■ Input material ■
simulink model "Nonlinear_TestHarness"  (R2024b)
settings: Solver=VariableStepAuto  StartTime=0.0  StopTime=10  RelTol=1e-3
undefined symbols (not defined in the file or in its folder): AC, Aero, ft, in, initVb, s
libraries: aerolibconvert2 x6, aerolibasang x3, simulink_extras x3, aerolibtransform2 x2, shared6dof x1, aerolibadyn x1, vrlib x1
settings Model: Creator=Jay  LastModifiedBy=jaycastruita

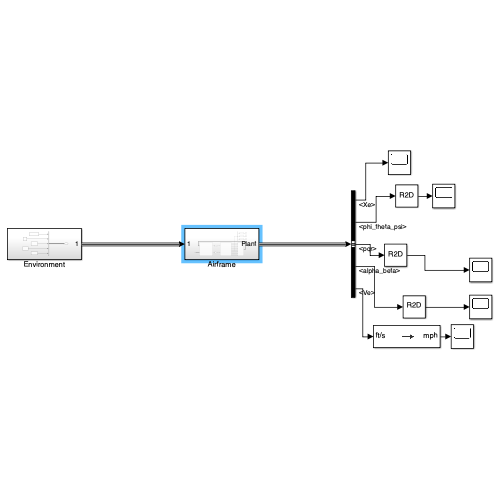
[thumbnail: Simulink's stored preview of the top-level diagram]
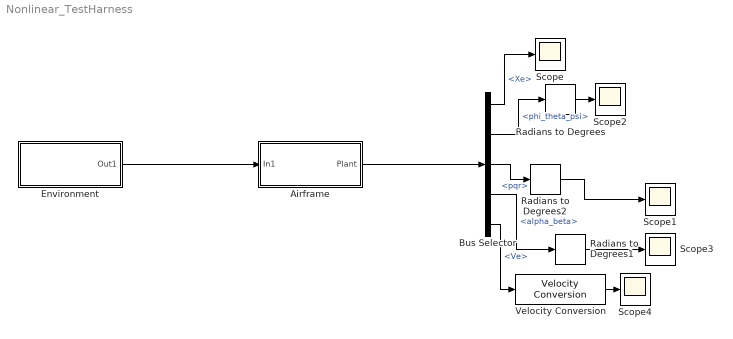
== system Nonlinear_TestHarness ==
  Airframe : Subsystem
  Bus Selector : BusSelector  OutputSignals=Xe,phi_theta_psi,pqr,alpha_beta,Ve
  Environment : Subsystem
  Radians to Degrees : simulink_extras/Transformations/Radians to Degrees
  Radians to Degrees1 : simulink_extras/Transformations/Radians to Degrees
  Radians to Degrees2 : simulink_extras/Transformations/Radians to Degrees
  Scope{,1..4} (5 alike) : Scope
  Velocity Conversion : aerolibconvert2/Velocity Conversion  IU=ft/s  OU=mph
  wires:
  Environment/1(Out1) -> Airframe/1(In1)
  Airframe/1(Plant) -> Bus Selector/1
  Bus Selector/1 -> Scope/1  "<Xe>"
  Bus Selector/3 -> Radians to Degrees2/1  "<pqr>"
  Bus Selector/2 -> Radians to Degrees/1  "<phi_theta_psi>"
  Radians to Degrees/1 -> Scope2/1
  Bus Selector/4 -> Radians to Degrees1/1  "<alpha_beta>"
  Radians to Degrees1/1 -> Scope3/1
  Radians to Degrees2/1 -> Scope1/1
  Bus Selector/5 -> Velocity Conversion/1  "<Ve>"
  Velocity Conversion/1 -> Scope4/1

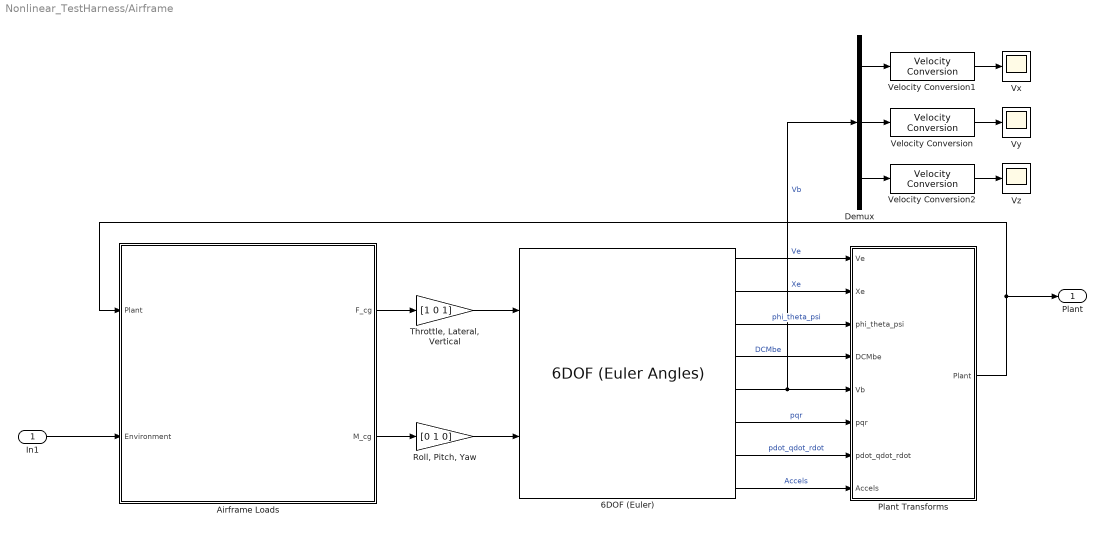
== system Nonlinear_TestHarness/Airframe ==
  In1 : Inport
  6DOF (Euler) : shared6dof/6DOF (Euler Angles)  units=English (Velocity in ft/s)  mtype=Fixed  rep=Euler Angles  xme_0=[0 0 0]  Vm_0=initVb  eul_0=[0 0 0]  pm_0=[0 0 0]  mass_0=AC.mass  mass_e=0.5  mass_f=2.0  inertia=AC.Inertia  inertia_e=eye(3)  inertia_f=2*eye(3)  k_quat=1.0  vre_flag=on  abi_flag=off  aMode=0  xme_statename=''  Vm_statename=''  eul_statename=''  quat_statename=''  pm_statename=''  mass_statename=''
      settings: LibrarySourceBlock=aerolib6dof2/6DOF (Quaternion)
  Airframe Loads : Subsystem
  Demux : Demux  Outputs=3
  Plant Transforms : Subsystem
  "Roll, Pitch, Yaw" : Gain  Gain=[0 1 0]
  "Throttle, Lateral, Vertical" : Gain  Gain=[1 0 1]
  Velocity Conversion : aerolibconvert2/Velocity Conversion  IU=ft/s  OU=mph
  Velocity Conversion1 : aerolibconvert2/Velocity Conversion  IU=ft/s  OU=mph
  Velocity Conversion2 : aerolibconvert2/Velocity Conversion  IU=ft/s  OU=mph
  Vx : Scope
  Vy : Scope
  Vz : Scope
  Plant : Outport
  wires:
  In1/1 -> Airframe Loads/2(Environment)
  Airframe Loads/1(F_cg) -> "Throttle, Lateral, Vertical"/1
  6DOF (Euler)/1 -> Plant Transforms/1(Ve)  "Ve"
  6DOF (Euler)/2 -> Plant Transforms/2(Xe)  "Xe"
  6DOF (Euler)/3 -> Plant Transforms/3(phi_theta_psi)  "phi_theta_psi"
  6DOF (Euler)/5 -> Demux/1, Plant Transforms/5(Vb)  "Vb"
  6DOF (Euler)/4 -> Plant Transforms/4(DCMbe)  "DCMbe"
  6DOF (Euler)/6 -> Plant Transforms/6(pqr)  "pqr"
  6DOF (Euler)/7 -> Plant Transforms/7(pdot_qdot_rdot)  "pdot_qdot_rdot"
  6DOF (Euler)/8 -> Plant Transforms/8(Accels)  "Accels"
  Plant Transforms/1(Plant) -> Airframe Loads/1(Plant), Plant/1
  Airframe Loads/2(M_cg) -> "Roll, Pitch, Yaw"/1
  "Roll, Pitch, Yaw"/1 -> 6DOF (Euler)/2
  "Throttle, Lateral, Vertical"/1 -> 6DOF (Euler)/1
  Demux/1 -> Velocity Conversion1/1
  Demux/2 -> Velocity Conversion/1
  Demux/3 -> Velocity Conversion2/1
  Velocity Conversion/1 -> Vy/1
  Velocity Conversion1/1 -> Vx/1
  Velocity Conversion2/1 -> Vz/1

== system Nonlinear_TestHarness/Environment ==
  Air Density : Constant  Value=0.002377
  Bus Creator : BusCreator  Inputs=5
  Gravity : Constant  Value=[0 0 32.2]
  Speed of Sound : Constant  Value=1100
  Wind Angular Rates : Constant  Value=[0 0 0]
  Wind Velocity : Constant  Value=[0 0 0]
  Out1 : Outport
  wires:
  Wind Velocity/1 -> Bus Creator/4  "WindVelocity"
  Speed of Sound/1 -> Bus Creator/2  "a"
  Air Density/1 -> Bus Creator/3  "rho"
  Bus Creator/1 -> Out1/1  "Environment"
  Wind Angular Rates/1 -> Bus Creator/5  "WindAngularRates"
  Gravity/1 -> Bus Creator/1  "Ag"

== system Nonlinear_TestHarness/Airframe/Airframe Loads ==
  Plant : Inport
  In Bus Element : Inport  Port=2  PortName=Environment
  Add : Sum
  Aerodynamic Loads : Subsystem
  Gravity Force : Subsystem
  F_cg : Outport
  M_cg : Outport  Port=2
  wires:
  Plant/1 -> Gravity Force/1(Plant), Aerodynamic Loads/2(plant)
  In Bus Element/1 -> Gravity Force/2(Environment), Aerodynamic Loads/1(EnvData)
  Aerodynamic Loads/1(Fb) -> Add/1
  Add/1 -> F_cg/1
  Gravity Force/1(Fg_b) -> Add/2
  Aerodynamic Loads/2(Mb) -> M_cg/1

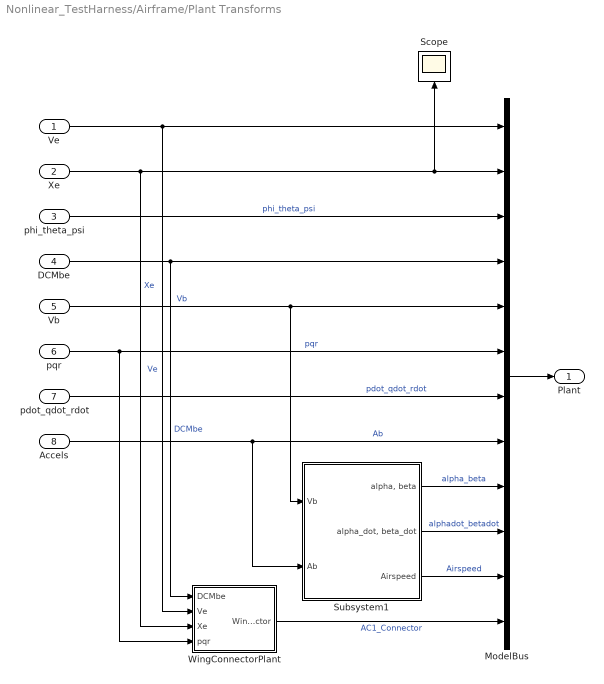
== system Nonlinear_TestHarness/Airframe/Plant Transforms ==
  Ve : Inport
  Xe : Inport  Port=2
  phi_theta_psi : Inport  Port=3
  DCMbe : Inport  Port=4
  Vb : Inport  Port=5
  pqr : Inport  Port=6
  pdot_qdot_rdot : Inport  Port=7
  Accels : Inport  Port=8
  ModelBus : BusCreator  Inputs=12
  Scope : Scope
  Subsystem1 : Subsystem
  WingConnectorPlant : Subsystem
  Plant : Outport
  wires:
  Ve/1 -> WingConnectorPlant/2(Ve), ModelBus/1  "Ve"
  ModelBus/1 -> Plant/1
  DCMbe/1 -> ModelBus/4, WingConnectorPlant/1(DCMbe)  "DCMbe"
  pqr/1 -> WingConnectorPlant/4(pqr), ModelBus/6  "pqr"
  pdot_qdot_rdot/1 -> ModelBus/7  "pdot_qdot_rdot"
  Subsystem1/2("alpha_dot, beta_dot") -> ModelBus/10  "alphadot_betadot"
  WingConnectorPlant/1(WingConnector) -> ModelBus/12  "AC1_Connector"
  Xe/1 -> WingConnectorPlant/3(Xe), ModelBus/2, Scope/1  "Xe"
  Subsystem1/1("alpha, beta") -> ModelBus/9  "alpha_beta"
  phi_theta_psi/1 -> ModelBus/3  "phi_theta_psi"
  Accels/1 -> Subsystem1/2(Ab), ModelBus/8  "Ab"
  Vb/1 -> Subsystem1/1(Vb), ModelBus/5  "Vb"
  Subsystem1/3(Airspeed) -> ModelBus/11  "Airspeed"

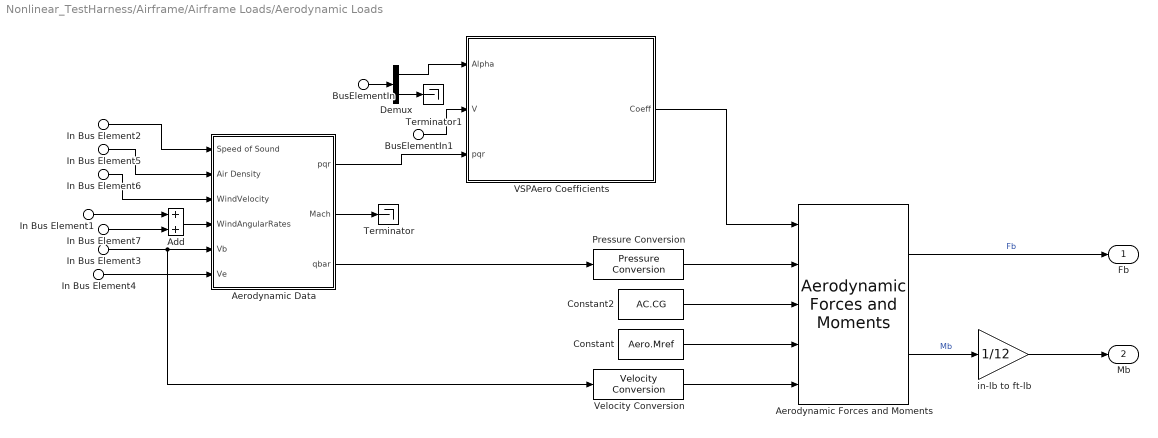
== system Nonlinear_TestHarness/Airframe/Airframe Loads/Aerodynamic Loads ==
  In Bus Element6 : Inport  PortName=EnvData  Element=WindVelocity
  In Bus Element7 : Inport  PortName=EnvData  Element=WindAngularRates
  In Bus Element2 : Inport  PortName=EnvData  Element=a
  In Bus Element5 : Inport  PortName=EnvData  Element=rho
  In Bus Element3 : Inport  Port=2  PortName=plant  Element=Vb
  In Bus Element4 : Inport  Port=2  PortName=plant  Element=Ve
  In Bus Element1 : Inport  Port=2  PortName=plant  Element=pqr
  BusElementIn : Inport  Port=2  PortName=plant  Element=alpha_beta
  BusElementIn1 : Inport  Port=2  PortName=plant  Element=Airspeed
  Add : Sum
  Aerodynamic Forces and Moments : aerolibadyn/Aerodynamic Forces and Moments   inputAxes=Wind  outputForceAxes=Body  outputMomentAxes=Body  S=Aero.Sref  b=Aero.bref  cbar=Aero.Cref
  Aerodynamic Data : Subsystem
  Constant : Constant  Value=Aero.Mref
  Constant2 : Constant  Value=AC.CG
  Demux : Demux  Outputs=2
  Pressure Conversion : aerolibconvert2/Pressure Conversion  IU=psf  OU=psi
  Terminator : Terminator
  Terminator1 : Terminator
  VSPAero Coefficients : Subsystem
  Velocity Conversion : aerolibconvert2/Velocity Conversion  IU=ft/s  OU=in/s
  in-lb to ft-lb : Gain  Gain=1/12
  Fb : Outport  VectorParamsAs1DForOutWhenUnconnected=off
  Mb : Outport  Port=2  VectorParamsAs1DForOutWhenUnconnected=off
  wires:
  In Bus Element6/1 -> Aerodynamic Data/3(WindVelocity)
  Aerodynamic Data/1("pqr ") -> VSPAero Coefficients/3(pqr)
  Aerodynamic Forces and Moments/2 -> in-lb to ft-lb/1  "Mb"
  VSPAero Coefficients/1(Coeff) -> Aerodynamic Forces and Moments/1
  In Bus Element7/1 -> Add/2
  Constant/1 -> Aerodynamic Forces and Moments/4
  In Bus Element5/1 -> Aerodynamic Data/2(Air Density)
  In Bus Element2/1 -> Aerodynamic Data/1(Speed of Sound)
  Add/1 -> Aerodynamic Data/4(WindAngularRates)
  In Bus Element4/1 -> Aerodynamic Data/6(Ve)
  Aerodynamic Forces and Moments/1 -> Fb/1  "Fb"
  In Bus Element1/1 -> Add/1
  BusElementIn/1 -> Demux/1
  Demux/1 -> VSPAero Coefficients/1(Alpha)
  In Bus Element3/1 -> Velocity Conversion/1, Aerodynamic Data/5(Vb)
  Aerodynamic Data/3(qbar) -> Pressure Conversion/1
  Constant2/1 -> Aerodynamic Forces and Moments/3
  Pressure Conversion/1 -> Aerodynamic Forces and Moments/2
  Velocity Conversion/1 -> Aerodynamic Forces and Moments/5
  in-lb to ft-lb/1 -> Mb/1
  Aerodynamic Data/2(Mach) -> Terminator/1
  Demux/2 -> Terminator1/1
  BusElementIn1/1 -> VSPAero Coefficients/2(V)

== system Nonlinear_TestHarness/Airframe/Airframe Loads/Gravity Force ==
  Plant : Inport
  Bus Element In2 : Inport  Port=2  PortName=Environment
  Acc to Force : Gain  Gain=AC.mass  OutDataTypeStr=Inherit: Same as input  ParamDataTypeStr=Inherit: Same as input
  Bus Selector : BusSelector  OutputSignals=DCMbe
  Bus Selector1 : BusSelector  OutputSignals=Ag
  Fg_body : Product  Multiplication=Matrix(*)
  Fg_b : Outport
  wires:
  Bus Selector/1 -> Fg_body/1  "<DCMbe>"
  Acc to Force/1 -> Fg_body/2
  Plant/1 -> Bus Selector/1
  Bus Element In2/1 -> Bus Selector1/1
  Bus Selector1/1 -> Acc to Force/1  "<Ag>"
  Fg_body/1 -> Fg_b/1

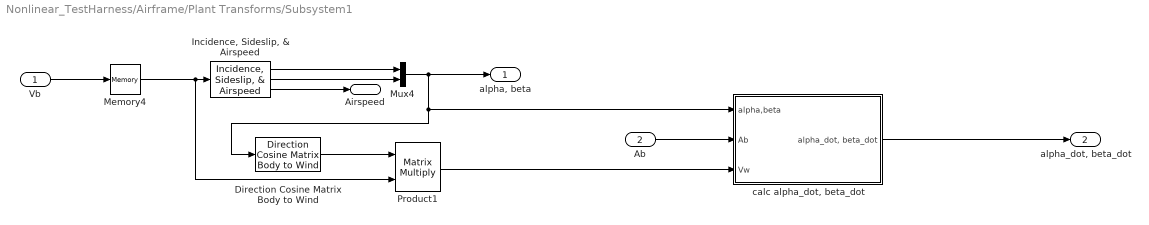
== system Nonlinear_TestHarness/Airframe/Plant Transforms/Subsystem1 ==
  Vb : Inport
  Ab : Inport  Port=2
  Direction Cosine Matrix Body to Wind : aerolibtransform2/Direction Cosine Matrix Body to Wind
  "Incidence, Sideslip, & Airspeed" : aerolibasang/Incidence, Sideslip, & Airspeed
  Memory4 : Memory  InitialCondition=initVb
  Mux4 : Mux  Inputs=2
  Product1 : Product  Multiplication=Matrix(*)  InputSameDT=on  SaturateOnIntegerOverflow=on  OutDataTypeStr=Inherit: Same as first input
  "calc alpha_dot, beta_dot" : Subsystem
  "alpha, beta" : Outport  Unit=rad  VectorParamsAs1DForOutWhenUnconnected=off
  "alpha_dot, beta_dot" : Outport  Port=2  Unit=rad/s  VectorParamsAs1DForOutWhenUnconnected=off
  Airspeed : Outport  Port=3
  wires:
  "Incidence, Sideslip, & Airspeed"/2 -> Mux4/2
  Mux4/1 -> "alpha, beta"/1, Direction Cosine Matrix Body to Wind/1, "calc alpha_dot, beta_dot"/1(alpha,beta)
  Direction Cosine Matrix Body to Wind/1 -> Product1/1
  "Incidence, Sideslip, & Airspeed"/1 -> Mux4/1
  Memory4/1 -> Product1/2, "Incidence, Sideslip, & Airspeed"/1
  Product1/1 -> "calc alpha_dot, beta_dot"/3(Vw)
  Ab/1 -> "calc alpha_dot, beta_dot"/2(Ab)
  "Incidence, Sideslip, & Airspeed"/3 -> Airspeed/1
  "calc alpha_dot, beta_dot"/1("alpha_dot, beta_dot") -> "alpha_dot, beta_dot"/1
  Vb/1 -> Memory4/1

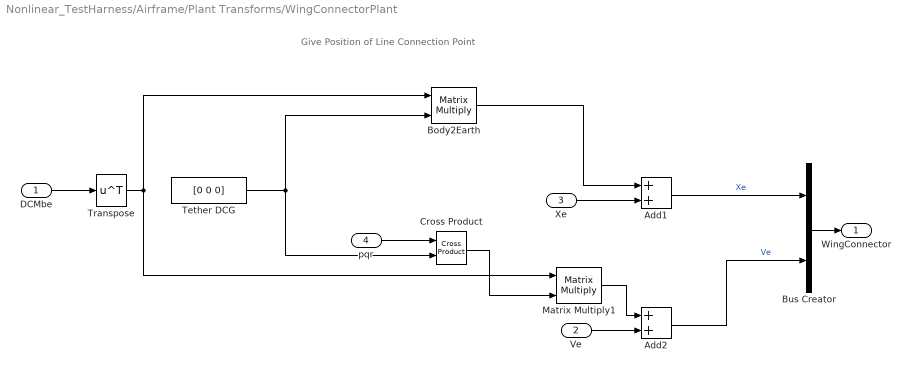
== system Nonlinear_TestHarness/Airframe/Plant Transforms/WingConnectorPlant ==
  note: Give Position of Line Connection Point
  DCMbe : Inport
  Ve : Inport  Port=2
  Xe : Inport  Port=3
  pqr : Inport  Port=4
  Add1 : Sum
  Add2 : Sum
  Body2Earth : Product  Multiplication=Matrix(*)
  Bus Creator : BusCreator  Inputs=2
  Cross Product : vrlib/Utilities/Cross Product
  Matrix Multiply1 : Product  Multiplication=Matrix(*)
  Tether DCG : Constant  Value=[0 0 0]
  Transpose : Math  Operator=transpose
  WingConnector : Outport
  wires:
  Bus Creator/1 -> WingConnector/1
  Transpose/1 -> Body2Earth/1, Matrix Multiply1/1
  Body2Earth/1 -> Add1/1
  Add2/1 -> Bus Creator/2  "Ve"
  Xe/1 -> Add1/2
  Matrix Multiply1/1 -> Add2/1
  Tether DCG/1 -> Cross Product/2, Body2Earth/2
  pqr/1 -> Cross Product/1
  Cross Product/1 -> Matrix Multiply1/2
  Add1/1 -> Bus Creator/1  "Xe"
  DCMbe/1 -> Transpose/1
  Ve/1 -> Add2/2

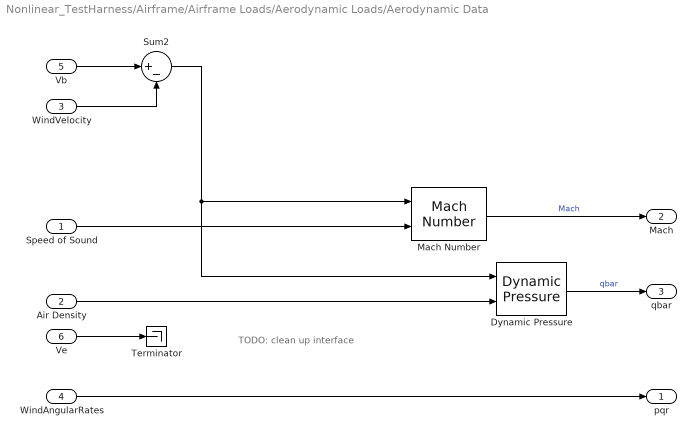
== system Nonlinear_TestHarness/Airframe/Airframe Loads/Aerodynamic Loads/Aerodynamic Data ==
  note: TODO: clean up interface
  Speed of Sound : Inport
  Air Density : Inport  Port=2
  WindVelocity : Inport  Port=3  PortDimensions=3
  WindAngularRates : Inport  Port=4  PortDimensions=3
  Vb : Inport  Port=5  PortDimensions=3
  Ve : Inport  Port=6  PortDimensions=3
  Dynamic Pressure : aerolibasang/Dynamic Pressure
  Mach Number : aerolibasang/Mach Number
  Sum2 : Sum  Inputs=|+-  InputSameDT=on  SaturateOnIntegerOverflow=on  OutDataTypeStr=Inherit: Same as first input
  Terminator : Terminator
  "pqr " : Outport  VectorParamsAs1DForOutWhenUnconnected=off
  Mach : Outport  Port=2  VectorParamsAs1DForOutWhenUnconnected=off
  qbar : Outport  Port=3  VectorParamsAs1DForOutWhenUnconnected=off
  wires:
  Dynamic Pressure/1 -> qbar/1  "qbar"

■ Task requirements ■
Please reproduce the lines from the line with "In Bus Element1 : Inport" to the line with "in-lb to ft-lb/1 -> Mb/1", both ends included, exactly as they appear above.

■ Answer for this exercise ■
  In Bus Element1 : Inport  Port=2  PortName=plant  Element=pqr
  BusElementIn : Inport  Port=2  PortName=plant  Element=alpha_beta
  BusElementIn1 : Inport  Port=2  PortName=plant  Element=Airspeed
  Add : Sum
  Aerodynamic Forces and Moments : aerolibadyn/Aerodynamic Forces and Moments   inputAxes=Wind  outputForceAxes=Body  outputMomentAxes=Body  S=Aero.Sref  b=Aero.bref  cbar=Aero.Cref
  Aerodynamic Data : Subsystem
  Constant : Constant  Value=Aero.Mref
  Constant2 : Constant  Value=AC.CG
  Demux : Demux  Outputs=2
  Pressure Conversion : aerolibconvert2/Pressure Conversion  IU=psf  OU=psi
  Terminator : Terminator
  Terminator1 : Terminator
  VSPAero Coefficients : Subsystem
  Velocity Conversion : aerolibconvert2/Velocity Conversion  IU=ft/s  OU=in/s
  in-lb to ft-lb : Gain  Gain=1/12
  Fb : Outport  VectorParamsAs1DForOutWhenUnconnected=off
  Mb : Outport  Port=2  VectorParamsAs1DForOutWhenUnconnected=off
  wires:
  In Bus Element6/1 -> Aerodynamic Data/3(WindVelocity)
  Aerodynamic Data/1("pqr ") -> VSPAero Coefficients/3(pqr)
  Aerodynamic Forces and Moments/2 -> in-lb to ft-lb/1  "Mb"
  VSPAero Coefficients/1(Coeff) -> Aerodynamic Forces and Moments/1
  In Bus Element7/1 -> Add/2
  Constant/1 -> Aerodynamic Forces and Moments/4
  In Bus Element5/1 -> Aerodynamic Data/2(Air Density)
  In Bus Element2/1 -> Aerodynamic Data/1(Speed of Sound)
  Add/1 -> Aerodynamic Data/4(WindAngularRates)
  In Bus Element4/1 -> Aerodynamic Data/6(Ve)
  Aerodynamic Forces and Moments/1 -> Fb/1  "Fb"
  In Bus Element1/1 -> Add/1
  BusElementIn/1 -> Demux/1
  Demux/1 -> VSPAero Coefficients/1(Alpha)
  In Bus Element3/1 -> Velocity Conversion/1, Aerodynamic Data/5(Vb)
  Aerodynamic Data/3(qbar) -> Pressure Conversion/1
  Constant2/1 -> Aerodynamic Forces and Moments/3
  Pressure Conversion/1 -> Aerodynamic Forces and Moments/2
  Velocity Conversion/1 -> Aerodynamic Forces and Moments/5
  in-lb to ft-lb/1 -> Mb/1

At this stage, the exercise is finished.